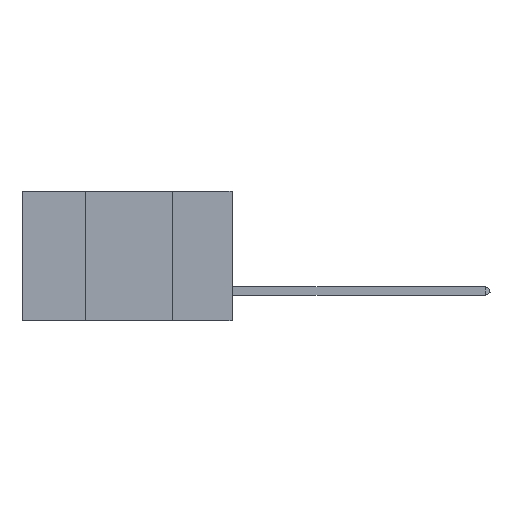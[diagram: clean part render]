
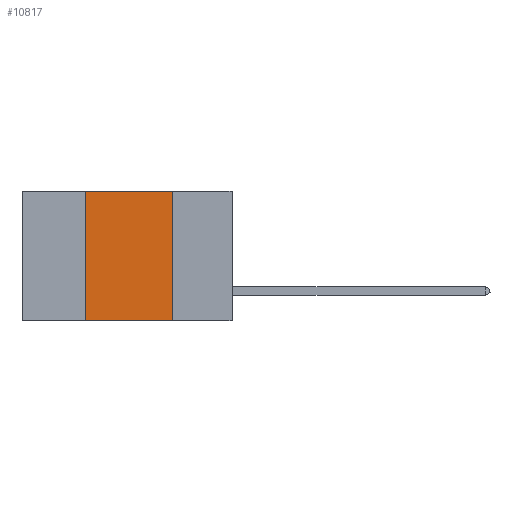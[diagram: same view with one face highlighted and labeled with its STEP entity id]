
A CAD part, left-side view. The second image highlights one B-rep face of the part: STEP entity #10817.
In plain terms, the highlighted planar face has unit normal (-1, 0, 0).
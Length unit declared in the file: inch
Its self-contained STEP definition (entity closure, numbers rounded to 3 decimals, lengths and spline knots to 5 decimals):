
#509 = CARTESIAN_POINT ( 'NONE',  ( 0., 0.42, 0. ) ) ;
#1026 = EDGE_CURVE ( 'NONE', #20891, #35049, #28684, .T. ) ;
#3326 = ORIENTED_EDGE ( 'NONE', *, *, #25234, .T. ) ;
#5964 = DIRECTION ( 'NONE',  ( 0., 0., -1. ) ) ;
#7568 = VECTOR ( 'NONE', #20895, 39.37008 ) ;
#8308 = EDGE_CURVE ( 'NONE', #40566, #10368, #27357, .T. ) ;
#10368 = VERTEX_POINT ( 'NONE', #42220 ) ;
#10817 = ADVANCED_FACE ( 'NONE', ( #40246 ), #35925, .F. ) ;
#11122 = LINE ( 'NONE', #13863, #11686 ) ;
#11686 = VECTOR ( 'NONE', #24516, 39.37008 ) ;
#13863 = CARTESIAN_POINT ( 'NONE',  ( 0., 0.6, 0. ) ) ;
#15296 = DIRECTION ( 'NONE',  ( 0., 0., -1. ) ) ;
#18554 = VECTOR ( 'NONE', #42649, 39.37008 ) ;
#20891 = VERTEX_POINT ( 'NONE', #40714 ) ;
#20895 = DIRECTION ( 'NONE',  ( 0., -1., 0. ) ) ;
#24516 = DIRECTION ( 'NONE',  ( 0., -1., 0. ) ) ;
#24792 = AXIS2_PLACEMENT_3D ( 'NONE', #29077, #36071, #15296 ) ;
#25234 = EDGE_CURVE ( 'NONE', #20891, #10368, #36251, .T. ) ;
#25543 = ORIENTED_EDGE ( 'NONE', *, *, #1026, .F. ) ;
#25930 = CARTESIAN_POINT ( 'NONE',  ( 0., 0.42, 0. ) ) ;
#27357 = LINE ( 'NONE', #36116, #33254 ) ;
#28684 = LINE ( 'NONE', #25930, #18554 ) ;
#29077 = CARTESIAN_POINT ( 'NONE',  ( 0., 0.6, 0. ) ) ;
#29324 = EDGE_LOOP ( 'NONE', ( #35929, #39427, #25543, #3326 ) ) ;
#31788 = CARTESIAN_POINT ( 'NONE',  ( 0., 0.6, -0.37 ) ) ;
#33254 = VECTOR ( 'NONE', #5964, 39.37008 ) ;
#34752 = CARTESIAN_POINT ( 'NONE',  ( 0., 0.17, 0. ) ) ;
#35049 = VERTEX_POINT ( 'NONE', #509 ) ;
#35925 = PLANE ( 'NONE',  #24792 ) ;
#35929 = ORIENTED_EDGE ( 'NONE', *, *, #8308, .F. ) ;
#36071 = DIRECTION ( 'NONE',  ( 1., 0., 0. ) ) ;
#36116 = CARTESIAN_POINT ( 'NONE',  ( 0., 0.17, 0. ) ) ;
#36251 = LINE ( 'NONE', #31788, #7568 ) ;
#37036 = EDGE_CURVE ( 'NONE', #35049, #40566, #11122, .T. ) ;
#39427 = ORIENTED_EDGE ( 'NONE', *, *, #37036, .F. ) ;
#40246 = FACE_OUTER_BOUND ( 'NONE', #29324, .T. ) ;
#40566 = VERTEX_POINT ( 'NONE', #34752 ) ;
#40714 = CARTESIAN_POINT ( 'NONE',  ( 0., 0.42, -0.37 ) ) ;
#42220 = CARTESIAN_POINT ( 'NONE',  ( 0., 0.17, -0.37 ) ) ;
#42649 = DIRECTION ( 'NONE',  ( 0., 0., 1. ) ) ;
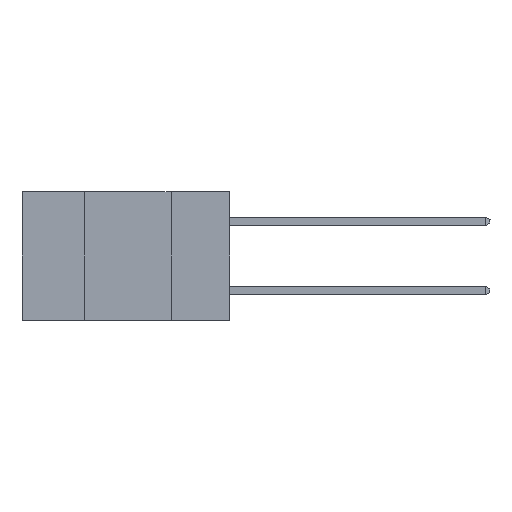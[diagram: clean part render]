
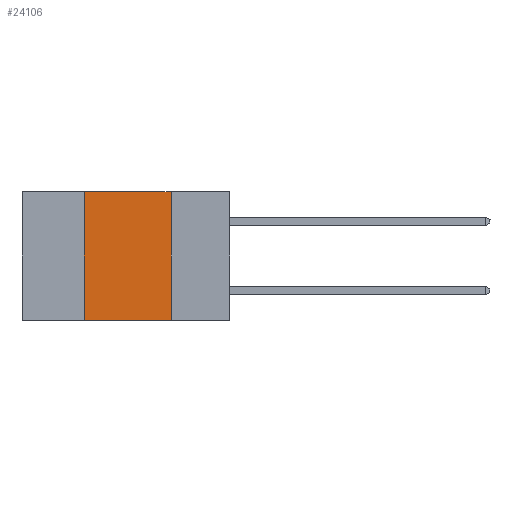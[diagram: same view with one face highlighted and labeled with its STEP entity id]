
A CAD part, left-side view. The second image highlights one B-rep face of the part: STEP entity #24106.
In plain terms, the highlighted planar face has unit normal (-1, 0, 0).
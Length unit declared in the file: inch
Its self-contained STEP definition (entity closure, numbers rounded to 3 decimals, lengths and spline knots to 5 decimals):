
#113 = VERTEX_POINT ( 'NONE', #375 ) ;
#375 = CARTESIAN_POINT ( 'NONE',  ( 0., 0.17, -0.37 ) ) ;
#781 = CARTESIAN_POINT ( 'NONE',  ( 0., 0.42, 0. ) ) ;
#1234 = LINE ( 'NONE', #5483, #10527 ) ;
#1679 = ORIENTED_EDGE ( 'NONE', *, *, #14038, .F. ) ;
#3572 = DIRECTION ( 'NONE',  ( 0., -1., 0. ) ) ;
#4399 = VECTOR ( 'NONE', #12612, 39.37008 ) ;
#4920 = CARTESIAN_POINT ( 'NONE',  ( 0., 0.17, 0. ) ) ;
#5483 = CARTESIAN_POINT ( 'NONE',  ( 0., 0.6, 0. ) ) ;
#5963 = ORIENTED_EDGE ( 'NONE', *, *, #13514, .T. ) ;
#6597 = DIRECTION ( 'NONE',  ( 1., 0., 0. ) ) ;
#6839 = FACE_OUTER_BOUND ( 'NONE', #14542, .T. ) ;
#7666 = ORIENTED_EDGE ( 'NONE', *, *, #7809, .F. ) ;
#7809 = EDGE_CURVE ( 'NONE', #8738, #113, #9379, .T. ) ;
#8738 = VERTEX_POINT ( 'NONE', #15075 ) ;
#9379 = LINE ( 'NONE', #4920, #18977 ) ;
#9551 = CARTESIAN_POINT ( 'NONE',  ( 0., 0.6, -0.37 ) ) ;
#10281 = CARTESIAN_POINT ( 'NONE',  ( 0., 0.42, -0.37 ) ) ;
#10527 = VECTOR ( 'NONE', #3572, 39.37008 ) ;
#11226 = ORIENTED_EDGE ( 'NONE', *, *, #19076, .F. ) ;
#11561 = DIRECTION ( 'NONE',  ( 0., -1., 0. ) ) ;
#12612 = DIRECTION ( 'NONE',  ( 0., 0., 1. ) ) ;
#12980 = VECTOR ( 'NONE', #11561, 39.37008 ) ;
#13514 = EDGE_CURVE ( 'NONE', #16284, #113, #13555, .T. ) ;
#13539 = CARTESIAN_POINT ( 'NONE',  ( 0., 0.42, 0. ) ) ;
#13555 = LINE ( 'NONE', #9551, #12980 ) ;
#14038 = EDGE_CURVE ( 'NONE', #18042, #8738, #1234, .T. ) ;
#14334 = PLANE ( 'NONE',  #22065 ) ;
#14542 = EDGE_LOOP ( 'NONE', ( #7666, #1679, #11226, #5963 ) ) ;
#14774 = LINE ( 'NONE', #781, #4399 ) ;
#15075 = CARTESIAN_POINT ( 'NONE',  ( 0., 0.17, 0. ) ) ;
#16284 = VERTEX_POINT ( 'NONE', #10281 ) ;
#18042 = VERTEX_POINT ( 'NONE', #13539 ) ;
#18135 = DIRECTION ( 'NONE',  ( 0., 0., -1. ) ) ;
#18157 = CARTESIAN_POINT ( 'NONE',  ( 0., 0.6, 0. ) ) ;
#18977 = VECTOR ( 'NONE', #18135, 39.37008 ) ;
#19076 = EDGE_CURVE ( 'NONE', #16284, #18042, #14774, .T. ) ;
#20051 = DIRECTION ( 'NONE',  ( 0., 0., -1. ) ) ;
#22065 = AXIS2_PLACEMENT_3D ( 'NONE', #18157, #6597, #20051 ) ;
#24106 = ADVANCED_FACE ( 'NONE', ( #6839 ), #14334, .F. ) ;
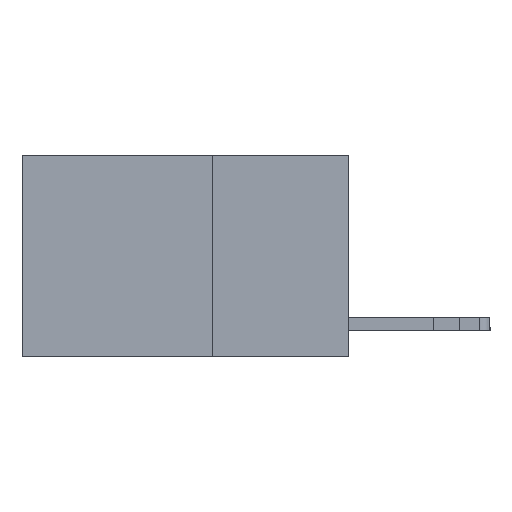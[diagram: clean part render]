
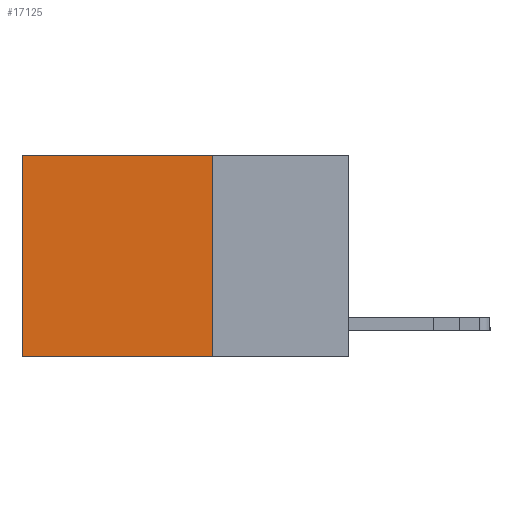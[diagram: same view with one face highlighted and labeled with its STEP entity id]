
A CAD part, left-side view. The second image highlights one B-rep face of the part: STEP entity #17125.
In plain terms, the highlighted planar face has unit normal (-1, 0, 0).
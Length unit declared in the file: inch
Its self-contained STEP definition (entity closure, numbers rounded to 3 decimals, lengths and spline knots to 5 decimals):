
#502 = AXIS2_PLACEMENT_3D ( 'NONE', #7065, #1162, #17764 ) ;
#612 = CARTESIAN_POINT ( 'NONE',  ( 0.2625, 0.25, -0.37 ) ) ;
#785 = CARTESIAN_POINT ( 'NONE',  ( 0.2625, 0.6, 0. ) ) ;
#868 = CARTESIAN_POINT ( 'NONE',  ( 0.2625, 0.25, 0. ) ) ;
#1162 = DIRECTION ( 'NONE',  ( 1., 0., 0. ) ) ;
#1377 = LINE ( 'NONE', #5661, #3099 ) ;
#2144 = VECTOR ( 'NONE', #17216, 39.37008 ) ;
#2196 = LINE ( 'NONE', #8273, #11538 ) ;
#2861 = ORIENTED_EDGE ( 'NONE', *, *, #5676, .F. ) ;
#3099 = VECTOR ( 'NONE', #15955, 39.37008 ) ;
#4398 = ORIENTED_EDGE ( 'NONE', *, *, #6428, .F. ) ;
#5129 = LINE ( 'NONE', #785, #2144 ) ;
#5661 = CARTESIAN_POINT ( 'NONE',  ( 0.2625, 0.25, 0. ) ) ;
#5676 = EDGE_CURVE ( 'NONE', #17242, #13431, #18650, .T. ) ;
#6428 = EDGE_CURVE ( 'NONE', #13431, #10102, #2196, .T. ) ;
#6889 = DIRECTION ( 'NONE',  ( 0., 0., -1. ) ) ;
#7065 = CARTESIAN_POINT ( 'NONE',  ( 0.2625, 0.25, 0. ) ) ;
#7458 = ORIENTED_EDGE ( 'NONE', *, *, #13486, .T. ) ;
#8192 = DIRECTION ( 'NONE',  ( 0., 1., 0. ) ) ;
#8273 = CARTESIAN_POINT ( 'NONE',  ( 0.2625, 0.25, -0.37 ) ) ;
#9291 = EDGE_LOOP ( 'NONE', ( #7458, #4398, #2861, #17126 ) ) ;
#10102 = VERTEX_POINT ( 'NONE', #17748 ) ;
#11001 = VERTEX_POINT ( 'NONE', #17059 ) ;
#11206 = VECTOR ( 'NONE', #6889, 39.37008 ) ;
#11538 = VECTOR ( 'NONE', #8192, 39.37008 ) ;
#12260 = CARTESIAN_POINT ( 'NONE',  ( 0.2625, 0.25, 0. ) ) ;
#13431 = VERTEX_POINT ( 'NONE', #612 ) ;
#13486 = EDGE_CURVE ( 'NONE', #11001, #10102, #5129, .T. ) ;
#13611 = EDGE_CURVE ( 'NONE', #17242, #11001, #1377, .T. ) ;
#15955 = DIRECTION ( 'NONE',  ( 0., 1., 0. ) ) ;
#16295 = FACE_OUTER_BOUND ( 'NONE', #9291, .T. ) ;
#17059 = CARTESIAN_POINT ( 'NONE',  ( 0.2625, 0.6, 0. ) ) ;
#17125 = ADVANCED_FACE ( 'NONE', ( #16295 ), #17474, .F. ) ;
#17126 = ORIENTED_EDGE ( 'NONE', *, *, #13611, .T. ) ;
#17216 = DIRECTION ( 'NONE',  ( 0., 0., -1. ) ) ;
#17242 = VERTEX_POINT ( 'NONE', #12260 ) ;
#17474 = PLANE ( 'NONE',  #502 ) ;
#17748 = CARTESIAN_POINT ( 'NONE',  ( 0.2625, 0.6, -0.37 ) ) ;
#17764 = DIRECTION ( 'NONE',  ( 0., 0., -1. ) ) ;
#18650 = LINE ( 'NONE', #868, #11206 ) ;
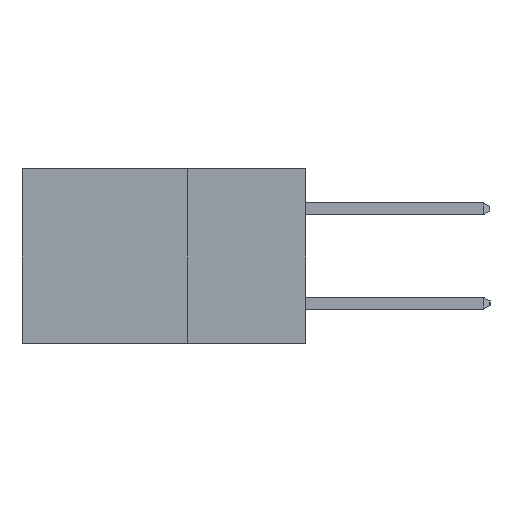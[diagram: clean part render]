
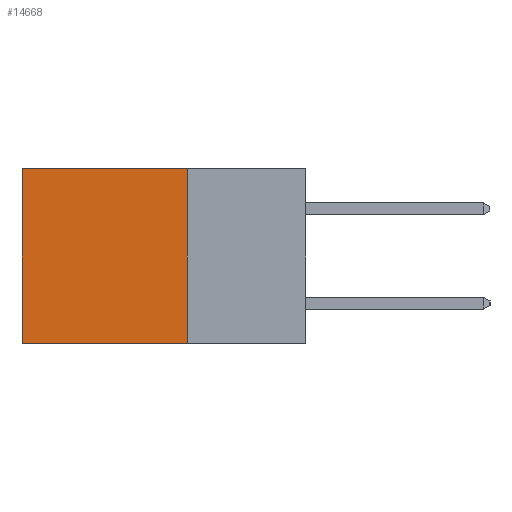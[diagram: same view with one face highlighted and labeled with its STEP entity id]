
A CAD part, left-side view. The second image highlights one B-rep face of the part: STEP entity #14668.
In plain terms, the highlighted planar face has unit normal (-1, 0, 0).
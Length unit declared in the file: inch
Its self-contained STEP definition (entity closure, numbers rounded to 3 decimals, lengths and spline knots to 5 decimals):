
#25 = ORIENTED_EDGE ( 'NONE', *, *, #11820, .F. ) ;
#1626 = DIRECTION ( 'NONE',  ( 0., 1., 0. ) ) ;
#2259 = CARTESIAN_POINT ( 'NONE',  ( 0.2615, 0.6, -0.37 ) ) ;
#3741 = DIRECTION ( 'NONE',  ( 0., 0., -1. ) ) ;
#4501 = CARTESIAN_POINT ( 'NONE',  ( 0.2615, 0.25, -0.37 ) ) ;
#5034 = LINE ( 'NONE', #13320, #10261 ) ;
#5547 = CARTESIAN_POINT ( 'NONE',  ( 0.2615, 0.6, 0. ) ) ;
#5981 = VERTEX_POINT ( 'NONE', #18896 ) ;
#6069 = VECTOR ( 'NONE', #23040, 39.37008 ) ;
#6181 = FACE_OUTER_BOUND ( 'NONE', #22331, .T. ) ;
#6469 = DIRECTION ( 'NONE',  ( 0., 0., -1. ) ) ;
#8109 = DIRECTION ( 'NONE',  ( 0., 0., -1. ) ) ;
#9472 = LINE ( 'NONE', #2259, #10079 ) ;
#10079 = VECTOR ( 'NONE', #8109, 39.37008 ) ;
#10261 = VECTOR ( 'NONE', #1626, 39.37008 ) ;
#11005 = VERTEX_POINT ( 'NONE', #5547 ) ;
#11820 = EDGE_CURVE ( 'NONE', #23285, #23708, #23302, .T. ) ;
#13320 = CARTESIAN_POINT ( 'NONE',  ( 0.2615, 0.25, 0. ) ) ;
#13402 = CARTESIAN_POINT ( 'NONE',  ( 0.2615, 0.25, 0. ) ) ;
#14668 = ADVANCED_FACE ( 'NONE', ( #6181 ), #23818, .F. ) ;
#16549 = CARTESIAN_POINT ( 'NONE',  ( 0.2615, 0.25, -0.37 ) ) ;
#17435 = CARTESIAN_POINT ( 'NONE',  ( 0.2615, 0.25, -0.37 ) ) ;
#17786 = AXIS2_PLACEMENT_3D ( 'NONE', #4501, #18186, #6469 ) ;
#18063 = EDGE_CURVE ( 'NONE', #23708, #5981, #21619, .T. ) ;
#18186 = DIRECTION ( 'NONE',  ( 1., 0., 0. ) ) ;
#18896 = CARTESIAN_POINT ( 'NONE',  ( 0.2615, 0.6, -0.37 ) ) ;
#19361 = ORIENTED_EDGE ( 'NONE', *, *, #24881, .T. ) ;
#20082 = ORIENTED_EDGE ( 'NONE', *, *, #20767, .T. ) ;
#20767 = EDGE_CURVE ( 'NONE', #23285, #11005, #5034, .T. ) ;
#21145 = CARTESIAN_POINT ( 'NONE',  ( 0.2615, 0.25, -0.37 ) ) ;
#21619 = LINE ( 'NONE', #21145, #6069 ) ;
#22331 = EDGE_LOOP ( 'NONE', ( #19361, #24020, #25, #20082 ) ) ;
#22702 = VECTOR ( 'NONE', #3741, 39.37008 ) ;
#23040 = DIRECTION ( 'NONE',  ( 0., 1., 0. ) ) ;
#23285 = VERTEX_POINT ( 'NONE', #13402 ) ;
#23302 = LINE ( 'NONE', #17435, #22702 ) ;
#23708 = VERTEX_POINT ( 'NONE', #16549 ) ;
#23818 = PLANE ( 'NONE',  #17786 ) ;
#24020 = ORIENTED_EDGE ( 'NONE', *, *, #18063, .F. ) ;
#24881 = EDGE_CURVE ( 'NONE', #11005, #5981, #9472, .T. ) ;

PROBLEM STATEMENT => All lines in the data above from the one with "STEP entity #24106." through the one with "#375 = CARTESIAN_POINT" must be repeated exactly, and no others.

OUTPUT BELOW =>
A CAD part, left-side view. The second image highlights one B-rep face of the part: STEP entity #24106.
In plain terms, the highlighted planar face has unit normal (-1, 0, 0).
Length unit declared in the file: inch
Its self-contained STEP definition (entity closure, numbers rounded to 3 decimals, lengths and spline knots to 5 decimals):
#113 = VERTEX_POINT ( 'NONE', #375 ) ;
#375 = CARTESIAN_POINT ( 'NONE',  ( 0., 0.17, -0.37 ) ) ;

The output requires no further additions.